* _WHAT THIS TASK INVOLVES_: Both the line with "#63=VERTEX_POINT('',#62);" and the line with "#89=ORIENTED_EDGE('',*,*,#88,.F.);" in the records below must appear in the output, along with every line between them, exactly and with nothing added.

───── EXTRACTED ENTRIES

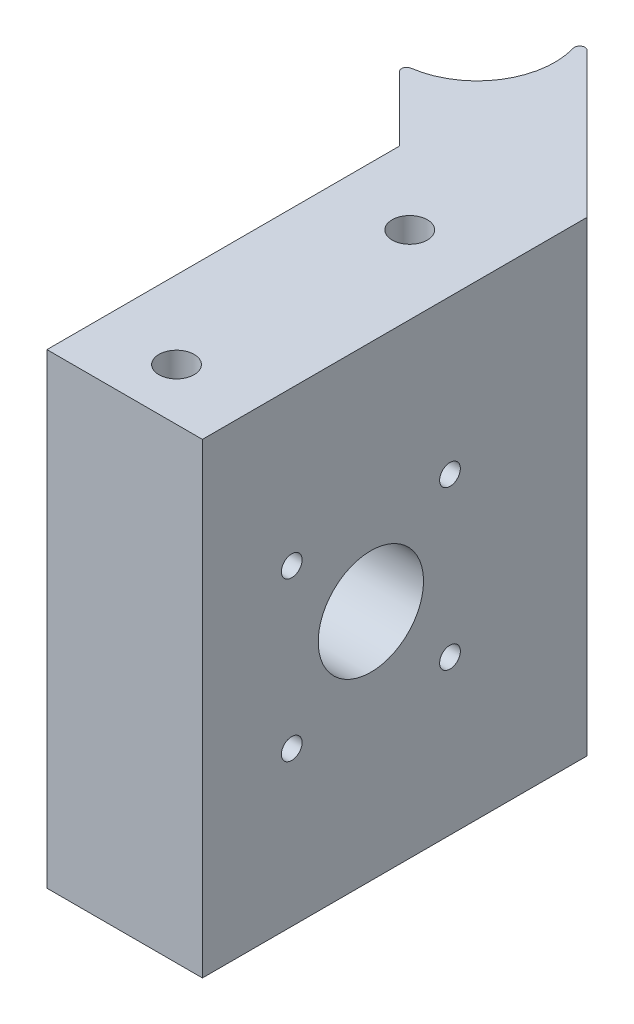
ISO-10303-21;
HEADER;
FILE_DESCRIPTION(('STEP AP214'),'2;1');
FILE_NAME('part.step','',(''),(''),'','','');
FILE_SCHEMA(('AUTOMOTIVE_DESIGN { 1 0 10303 214 1 1 1 1 }'));
ENDSEC;
DATA;
#1=APPLICATION_CONTEXT('core data for automotive mechanical design processes');
#2=APPLICATION_PROTOCOL_DEFINITION('international standard','automotive_design',2000,#1);
#3=PRODUCT_CONTEXT('',#1,'mechanical');
#4=PRODUCT('Part','Part','',(#3));
#5=PRODUCT_RELATED_PRODUCT_CATEGORY('part','',(#4));
#6=PRODUCT_DEFINITION_FORMATION('','',#4);
#7=PRODUCT_DEFINITION_CONTEXT('part definition',#1,'design');
#8=PRODUCT_DEFINITION('design','',#6,#7);
#9=PRODUCT_DEFINITION_SHAPE('','',#8);
#10=(LENGTH_UNIT() NAMED_UNIT(*) SI_UNIT(.MILLI.,.METRE.));
#11=(NAMED_UNIT(*) PLANE_ANGLE_UNIT() SI_UNIT($,.RADIAN.));
#12=(NAMED_UNIT(*) SI_UNIT($,.STERADIAN.) SOLID_ANGLE_UNIT());
#13=UNCERTAINTY_MEASURE_WITH_UNIT(LENGTH_MEASURE(1.E-05),#10,'distance_accuracy_value','');
#14=(GEOMETRIC_REPRESENTATION_CONTEXT(3) GLOBAL_UNCERTAINTY_ASSIGNED_CONTEXT((#13)) GLOBAL_UNIT_ASSIGNED_CONTEXT((#10,
#11,#12)) REPRESENTATION_CONTEXT('',''));
#15=CARTESIAN_POINT('',(0.,0.,0.));
#16=DIRECTION('',(0.,0.,1.));
#17=DIRECTION('',(1.,0.,0.));
#18=AXIS2_PLACEMENT_3D('',#15,#16,#17);
#19=CARTESIAN_POINT('',(10.7499999999999,45.,-10.7499999999998));
#20=DIRECTION('',(0.707106781186551,0.,-0.707106781186544));
#21=DIRECTION('',(-0.707106781186544,0.,-0.707106781186551));
#22=AXIS2_PLACEMENT_3D('',#19,#20,#21);
#23=PLANE('',#22);
#24=DIRECTION('',(0.707106781186541,0.,0.707106781186554));
#25=VECTOR('',#24,1.);
#26=CARTESIAN_POINT('',(-13.1082590496992,37.5,-34.6082590496992));
#27=LINE('',#26,#25);
#28=CARTESIAN_POINT('',(-13.1082590496992,37.5,-34.6082590496992));
#29=VERTEX_POINT('',#28);
#30=CARTESIAN_POINT('',(-11.8419971910119,37.5,-33.3419971910118));
#31=VERTEX_POINT('',#30);
#32=EDGE_CURVE('E278',#29,#31,#27,.T.);
#33=ORIENTED_EDGE('',*,*,#32,.F.);
#34=DIRECTION('',(0.,1.,0.));
#35=VECTOR('',#34,1.);
#36=CARTESIAN_POINT('',(-13.1082590496992,37.5,-34.6082590496992));
#37=LINE('',#36,#35);
#38=CARTESIAN_POINT('',(-13.1082590496992,41.5,-34.6082590496992));
#39=VERTEX_POINT('',#38);
#40=EDGE_CURVE('E293',#29,#39,#37,.T.);
#41=ORIENTED_EDGE('',*,*,#40,.T.);
#42=DIRECTION('',(0.707106781186541,0.,0.707106781186554));
#43=VECTOR('',#42,1.);
#44=CARTESIAN_POINT('',(-13.1082590496992,41.5,-34.6082590496992));
#45=LINE('',#44,#43);
#46=CARTESIAN_POINT('',(-11.8419971910119,41.5,-33.3419971910118));
#47=VERTEX_POINT('',#46);
#48=EDGE_CURVE('E296',#39,#47,#45,.T.);
#49=ORIENTED_EDGE('',*,*,#48,.T.);
#50=DIRECTION('',(0.,1.,0.));
#51=VECTOR('',#50,1.);
#52=CARTESIAN_POINT('',(-11.8419971910119,37.5,-33.3419971910118));
#53=LINE('',#52,#51);
#54=EDGE_CURVE('E321',#31,#47,#53,.T.);
#55=ORIENTED_EDGE('',*,*,#54,.F.);
#56=EDGE_LOOP('',(#33,#41,#49,#55));
#57=FACE_BOUND('',#56,.T.);
#58=DIRECTION('',(0.707106781186544,0.,0.707106781186551));
#59=VECTOR('',#58,1.);
#60=CARTESIAN_POINT('',(10.7499999999999,45.,-10.7499999999998));
#61=LINE('',#60,#59);
#62=CARTESIAN_POINT('',(-13.7262680860323,45.,-35.2262680860323));
#63=VERTEX_POINT('',#62);
#64=CARTESIAN_POINT('',(-7.5,45.,-28.9999999999999));
#65=VERTEX_POINT('',#64);
#66=EDGE_CURVE('E410',#63,#65,#61,.T.);
#67=ORIENTED_EDGE('',*,*,#66,.F.);
#68=DIRECTION('',(0.,1.,0.));
#69=VECTOR('',#68,1.);
#70=CARTESIAN_POINT('',(-13.7262680860323,0.,-35.2262680860323));
#71=LINE('',#70,#69);
#72=CARTESIAN_POINT('',(-13.7262680860323,0.,-35.2262680860323));
#73=VERTEX_POINT('',#72);
#74=EDGE_CURVE('E13',#63,#73,#71,.F.);
#75=ORIENTED_EDGE('',*,*,#74,.T.);
#76=DIRECTION('',(0.707106781186544,0.,0.707106781186551));
#77=VECTOR('',#76,1.);
#78=CARTESIAN_POINT('',(10.7499999999999,0.,-10.7499999999998));
#79=LINE('',#78,#77);
#80=CARTESIAN_POINT('',(-7.5,0.,-28.9999999999999));
#81=VERTEX_POINT('',#80);
#82=EDGE_CURVE('E433',#73,#81,#79,.T.);
#83=ORIENTED_EDGE('',*,*,#82,.T.);
#84=DIRECTION('',(0.,-1.,0.));
#85=VECTOR('',#84,1.);
#86=CARTESIAN_POINT('',(-7.5,45.,-28.9999999999999));
#87=LINE('',#86,#85);
#88=EDGE_CURVE('E457',#65,#81,#87,.T.);
#89=ORIENTED_EDGE('',*,*,#88,.F.);
#90=EDGE_LOOP('',(#67,#75,#83,#89));
#91=FACE_BOUND('',#90,.T.);
#92=DIRECTION('',(0.707106781186541,0.,0.707106781186554));
#93=VECTOR('',#92,1.);
#94=CARTESIAN_POINT('',(-13.1082590496992,20.5,-34.6082590496992));
#95=LINE('',#94,#93);
#96=CARTESIAN_POINT('',(-13.1082590496992,20.5,-34.6082590496992));
#97=VERTEX_POINT('',#96);
#98=CARTESIAN_POINT('',(-11.8419971910119,20.5,-33.3419971910118));
#99=VERTEX_POINT('',#98);
#100=EDGE_CURVE('E329',#97,#99,#95,.T.);
#101=ORIENTED_EDGE('',*,*,#100,.F.);
#102=DIRECTION('',(0.,1.,0.));
#103=VECTOR('',#102,1.);
#104=CARTESIAN_POINT('',(-13.1082590496992,20.5,-34.6082590496992));
#105=LINE('',#104,#103);
#106=CARTESIAN_POINT('',(-13.1082590496992,24.5,-34.6082590496992));
#107=VERTEX_POINT('',#106);
#108=EDGE_CURVE('E344',#97,#107,#105,.T.);
#109=ORIENTED_EDGE('',*,*,#108,.T.);
#110=DIRECTION('',(0.707106781186541,0.,0.707106781186554));
#111=VECTOR('',#110,1.);
#112=CARTESIAN_POINT('',(-13.1082590496992,24.5,-34.6082590496992));
#113=LINE('',#112,#111);
#114=CARTESIAN_POINT('',(-11.8419971910119,24.5,-33.3419971910118));
#115=VERTEX_POINT('',#114);
#116=EDGE_CURVE('E347',#107,#115,#113,.T.);
#117=ORIENTED_EDGE('',*,*,#116,.T.);
#118=DIRECTION('',(0.,1.,0.));
#119=VECTOR('',#118,1.);
#120=CARTESIAN_POINT('',(-11.8419971910119,20.5,-33.3419971910118));
#121=LINE('',#120,#119);
#122=EDGE_CURVE('E372',#99,#115,#121,.T.);
#123=ORIENTED_EDGE('',*,*,#122,.F.);
#124=EDGE_LOOP('',(#101,#109,#117,#123));
#125=FACE_BOUND('',#124,.T.);
#126=DIRECTION('',(0.707106781186541,0.,0.707106781186554));
#127=VECTOR('',#126,1.);
#128=CARTESIAN_POINT('',(-13.1082590496992,7.5,-34.6082590496992));
#129=LINE('',#128,#127);
#130=CARTESIAN_POINT('',(-13.1082590496992,7.5,-34.6082590496992));
#131=VERTEX_POINT('',#130);
#132=CARTESIAN_POINT('',(-11.8419971910119,7.5,-33.3419971910118));
#133=VERTEX_POINT('',#132);
#134=EDGE_CURVE('E240',#131,#133,#129,.T.);
#135=ORIENTED_EDGE('',*,*,#134,.T.);
#136=DIRECTION('',(0.,-1.,0.));
#137=VECTOR('',#136,1.);
#138=CARTESIAN_POINT('',(-11.8419971910119,7.5,-33.3419971910118));
#139=LINE('',#138,#137);
#140=CARTESIAN_POINT('',(-11.8419971910119,3.5,-33.3419971910118));
#141=VERTEX_POINT('',#140);
#142=EDGE_CURVE('E267',#133,#141,#139,.T.);
#143=ORIENTED_EDGE('',*,*,#142,.T.);
#144=DIRECTION('',(0.707106781186541,0.,0.707106781186554));
#145=VECTOR('',#144,1.);
#146=CARTESIAN_POINT('',(-13.1082590496992,3.5,-34.6082590496992));
#147=LINE('',#146,#145);
#148=CARTESIAN_POINT('',(-13.1082590496992,3.5,-34.6082590496992));
#149=VERTEX_POINT('',#148);
#150=EDGE_CURVE('E245',#149,#141,#147,.T.);
#151=ORIENTED_EDGE('',*,*,#150,.F.);
#152=DIRECTION('',(0.,-1.,0.));
#153=VECTOR('',#152,1.);
#154=CARTESIAN_POINT('',(-13.1082590496992,7.5,-34.6082590496992));
#155=LINE('',#154,#153);
#156=EDGE_CURVE('E264',#131,#149,#155,.T.);
#157=ORIENTED_EDGE('',*,*,#156,.F.);
#158=EDGE_LOOP('',(#135,#143,#151,#157));
#159=FACE_BOUND('',#158,.T.);
#160=ADVANCED_FACE('F48',(#57,#91,#125,#159),#23,.F.);
#161=CARTESIAN_POINT('',(19.8033008588991,45.,-19.8033008588988));
#162=DIRECTION('',(0.707106781186551,0.,-0.707106781186544));
#163=DIRECTION('',(-0.707106781186544,0.,-0.707106781186551));
#164=AXIS2_PLACEMENT_3D('',#161,#162,#163);
#165=PLANE('',#164);
#166=DIRECTION('',(0.707106781186544,0.,0.707106781186551));
#167=VECTOR('',#166,1.);
#168=CARTESIAN_POINT('',(19.8033008588991,0.,-19.8033008588988));
#169=LINE('',#168,#167);
#170=CARTESIAN_POINT('',(-6.45808635357504,0.,-46.0646880713732));
#171=VERTEX_POINT('',#170);
#172=CARTESIAN_POINT('',(7.49999999999999,0.,-32.106601717798));
#173=VERTEX_POINT('',#172);
#174=EDGE_CURVE('E444',#171,#173,#169,.T.);
#175=ORIENTED_EDGE('',*,*,#174,.F.);
#176=DIRECTION('',(0.,-1.,0.));
#177=VECTOR('',#176,1.);
#178=CARTESIAN_POINT('',(-6.45808635357505,45.,-46.0646880713732));
#179=LINE('',#178,#177);
#180=CARTESIAN_POINT('',(-6.45808635357504,45.,-46.0646880713732));
#181=VERTEX_POINT('',#180);
#182=EDGE_CURVE('E469',#171,#181,#179,.F.);
#183=ORIENTED_EDGE('',*,*,#182,.T.);
#184=DIRECTION('',(0.707106781186544,0.,0.707106781186551));
#185=VECTOR('',#184,1.);
#186=CARTESIAN_POINT('',(19.8033008588991,45.,-19.8033008588988));
#187=LINE('',#186,#185);
#188=CARTESIAN_POINT('',(7.49999999999999,45.,-32.106601717798));
#189=VERTEX_POINT('',#188);
#190=EDGE_CURVE('E422',#181,#189,#187,.T.);
#191=ORIENTED_EDGE('',*,*,#190,.T.);
#192=DIRECTION('',(0.,-1.,0.));
#193=VECTOR('',#192,1.);
#194=CARTESIAN_POINT('',(7.49999999999999,45.,-32.106601717798));
#195=LINE('',#194,#193);
#196=EDGE_CURVE('E430',#189,#173,#195,.T.);
#197=ORIENTED_EDGE('',*,*,#196,.T.);
#198=EDGE_LOOP('',(#175,#183,#191,#197));
#199=FACE_BOUND('',#198,.T.);
#200=DIRECTION('',(0.,1.,0.));
#201=VECTOR('',#200,1.);
#202=CARTESIAN_POINT('',(-2.83273811042198,20.5,-42.4393398282201));
#203=LINE('',#202,#201);
#204=CARTESIAN_POINT('',(-2.83273811042198,20.5,-42.4393398282201));
#205=VERTEX_POINT('',#204);
#206=CARTESIAN_POINT('',(-2.83273811042198,24.5,-42.4393398282201));
#207=VERTEX_POINT('',#206);
#208=EDGE_CURVE('E364',#205,#207,#203,.T.);
#209=ORIENTED_EDGE('',*,*,#208,.F.);
#210=DIRECTION('',(-0.707106781186544,0.,-0.707106781186551));
#211=VECTOR('',#210,1.);
#212=CARTESIAN_POINT('',(-2.83273811042198,20.5,-42.4393398282201));
#213=LINE('',#212,#211);
#214=CARTESIAN_POINT('',(-1.77207793864216,20.5,-41.3786796564403));
#215=VERTEX_POINT('',#214);
#216=EDGE_CURVE('E339',#215,#205,#213,.T.);
#217=ORIENTED_EDGE('',*,*,#216,.F.);
#218=DIRECTION('',(0.,1.,0.));
#219=VECTOR('',#218,1.);
#220=CARTESIAN_POINT('',(-1.77207793864216,20.5,-41.3786796564403));
#221=LINE('',#220,#219);
#222=CARTESIAN_POINT('',(-1.77207793864216,24.5,-41.3786796564403));
#223=VERTEX_POINT('',#222);
#224=EDGE_CURVE('E367',#215,#223,#221,.T.);
#225=ORIENTED_EDGE('',*,*,#224,.T.);
#226=DIRECTION('',(-0.707106781186544,0.,-0.707106781186551));
#227=VECTOR('',#226,1.);
#228=CARTESIAN_POINT('',(-2.83273811042198,24.5,-42.4393398282201));
#229=LINE('',#228,#227);
#230=EDGE_CURVE('E356',#223,#207,#229,.T.);
#231=ORIENTED_EDGE('',*,*,#230,.T.);
#232=EDGE_LOOP('',(#209,#217,#225,#231));
#233=FACE_BOUND('',#232,.T.);
#234=DIRECTION('',(0.,1.,0.));
#235=VECTOR('',#234,1.);
#236=CARTESIAN_POINT('',(-2.83273811042198,37.5,-42.4393398282201));
#237=LINE('',#236,#235);
#238=CARTESIAN_POINT('',(-2.83273811042198,37.5,-42.4393398282201));
#239=VERTEX_POINT('',#238);
#240=CARTESIAN_POINT('',(-2.83273811042198,41.5,-42.4393398282201));
#241=VERTEX_POINT('',#240);
#242=EDGE_CURVE('E313',#239,#241,#237,.T.);
#243=ORIENTED_EDGE('',*,*,#242,.F.);
#244=DIRECTION('',(-0.707106781186544,0.,-0.707106781186551));
#245=VECTOR('',#244,1.);
#246=CARTESIAN_POINT('',(-2.83273811042198,37.5,-42.4393398282201));
#247=LINE('',#246,#245);
#248=CARTESIAN_POINT('',(-1.77207793864216,37.5,-41.3786796564403));
#249=VERTEX_POINT('',#248);
#250=EDGE_CURVE('E288',#249,#239,#247,.T.);
#251=ORIENTED_EDGE('',*,*,#250,.F.);
#252=DIRECTION('',(0.,1.,0.));
#253=VECTOR('',#252,1.);
#254=CARTESIAN_POINT('',(-1.77207793864216,37.5,-41.3786796564403));
#255=LINE('',#254,#253);
#256=CARTESIAN_POINT('',(-1.77207793864216,41.5,-41.3786796564403));
#257=VERTEX_POINT('',#256);
#258=EDGE_CURVE('E316',#249,#257,#255,.T.);
#259=ORIENTED_EDGE('',*,*,#258,.T.);
#260=DIRECTION('',(-0.707106781186544,0.,-0.707106781186551));
#261=VECTOR('',#260,1.);
#262=CARTESIAN_POINT('',(-2.83273811042198,41.5,-42.4393398282201));
#263=LINE('',#262,#261);
#264=EDGE_CURVE('E305',#257,#241,#263,.T.);
#265=ORIENTED_EDGE('',*,*,#264,.T.);
#266=EDGE_LOOP('',(#243,#251,#259,#265));
#267=FACE_BOUND('',#266,.T.);
#268=DIRECTION('',(0.,-1.,0.));
#269=VECTOR('',#268,1.);
#270=CARTESIAN_POINT('',(-1.77207793864216,7.5,-41.3786796564403));
#271=LINE('',#270,#269);
#272=CARTESIAN_POINT('',(-1.77207793864216,7.5,-41.3786796564403));
#273=VERTEX_POINT('',#272);
#274=CARTESIAN_POINT('',(-1.77207793864216,3.5,-41.3786796564403));
#275=VERTEX_POINT('',#274);
#276=EDGE_CURVE('E71',#273,#275,#271,.T.);
#277=ORIENTED_EDGE('',*,*,#276,.F.);
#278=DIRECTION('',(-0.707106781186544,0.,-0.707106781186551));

──────────

* _RESULT OF THIS EXERCISE_:
#63=VERTEX_POINT('',#62);
#64=CARTESIAN_POINT('',(-7.5,45.,-28.9999999999999));
#65=VERTEX_POINT('',#64);
#66=EDGE_CURVE('E410',#63,#65,#61,.T.);
#67=ORIENTED_EDGE('',*,*,#66,.F.);
#68=DIRECTION('',(0.,1.,0.));
#69=VECTOR('',#68,1.);
#70=CARTESIAN_POINT('',(-13.7262680860323,0.,-35.2262680860323));
#71=LINE('',#70,#69);
#72=CARTESIAN_POINT('',(-13.7262680860323,0.,-35.2262680860323));
#73=VERTEX_POINT('',#72);
#74=EDGE_CURVE('E13',#63,#73,#71,.F.);
#75=ORIENTED_EDGE('',*,*,#74,.T.);
#76=DIRECTION('',(0.707106781186544,0.,0.707106781186551));
#77=VECTOR('',#76,1.);
#78=CARTESIAN_POINT('',(10.7499999999999,0.,-10.7499999999998));
#79=LINE('',#78,#77);
#80=CARTESIAN_POINT('',(-7.5,0.,-28.9999999999999));
#81=VERTEX_POINT('',#80);
#82=EDGE_CURVE('E433',#73,#81,#79,.T.);
#83=ORIENTED_EDGE('',*,*,#82,.T.);
#84=DIRECTION('',(0.,-1.,0.));
#85=VECTOR('',#84,1.);
#86=CARTESIAN_POINT('',(-7.5,45.,-28.9999999999999));
#87=LINE('',#86,#85);
#88=EDGE_CURVE('E457',#65,#81,#87,.T.);
#89=ORIENTED_EDGE('',*,*,#88,.F.);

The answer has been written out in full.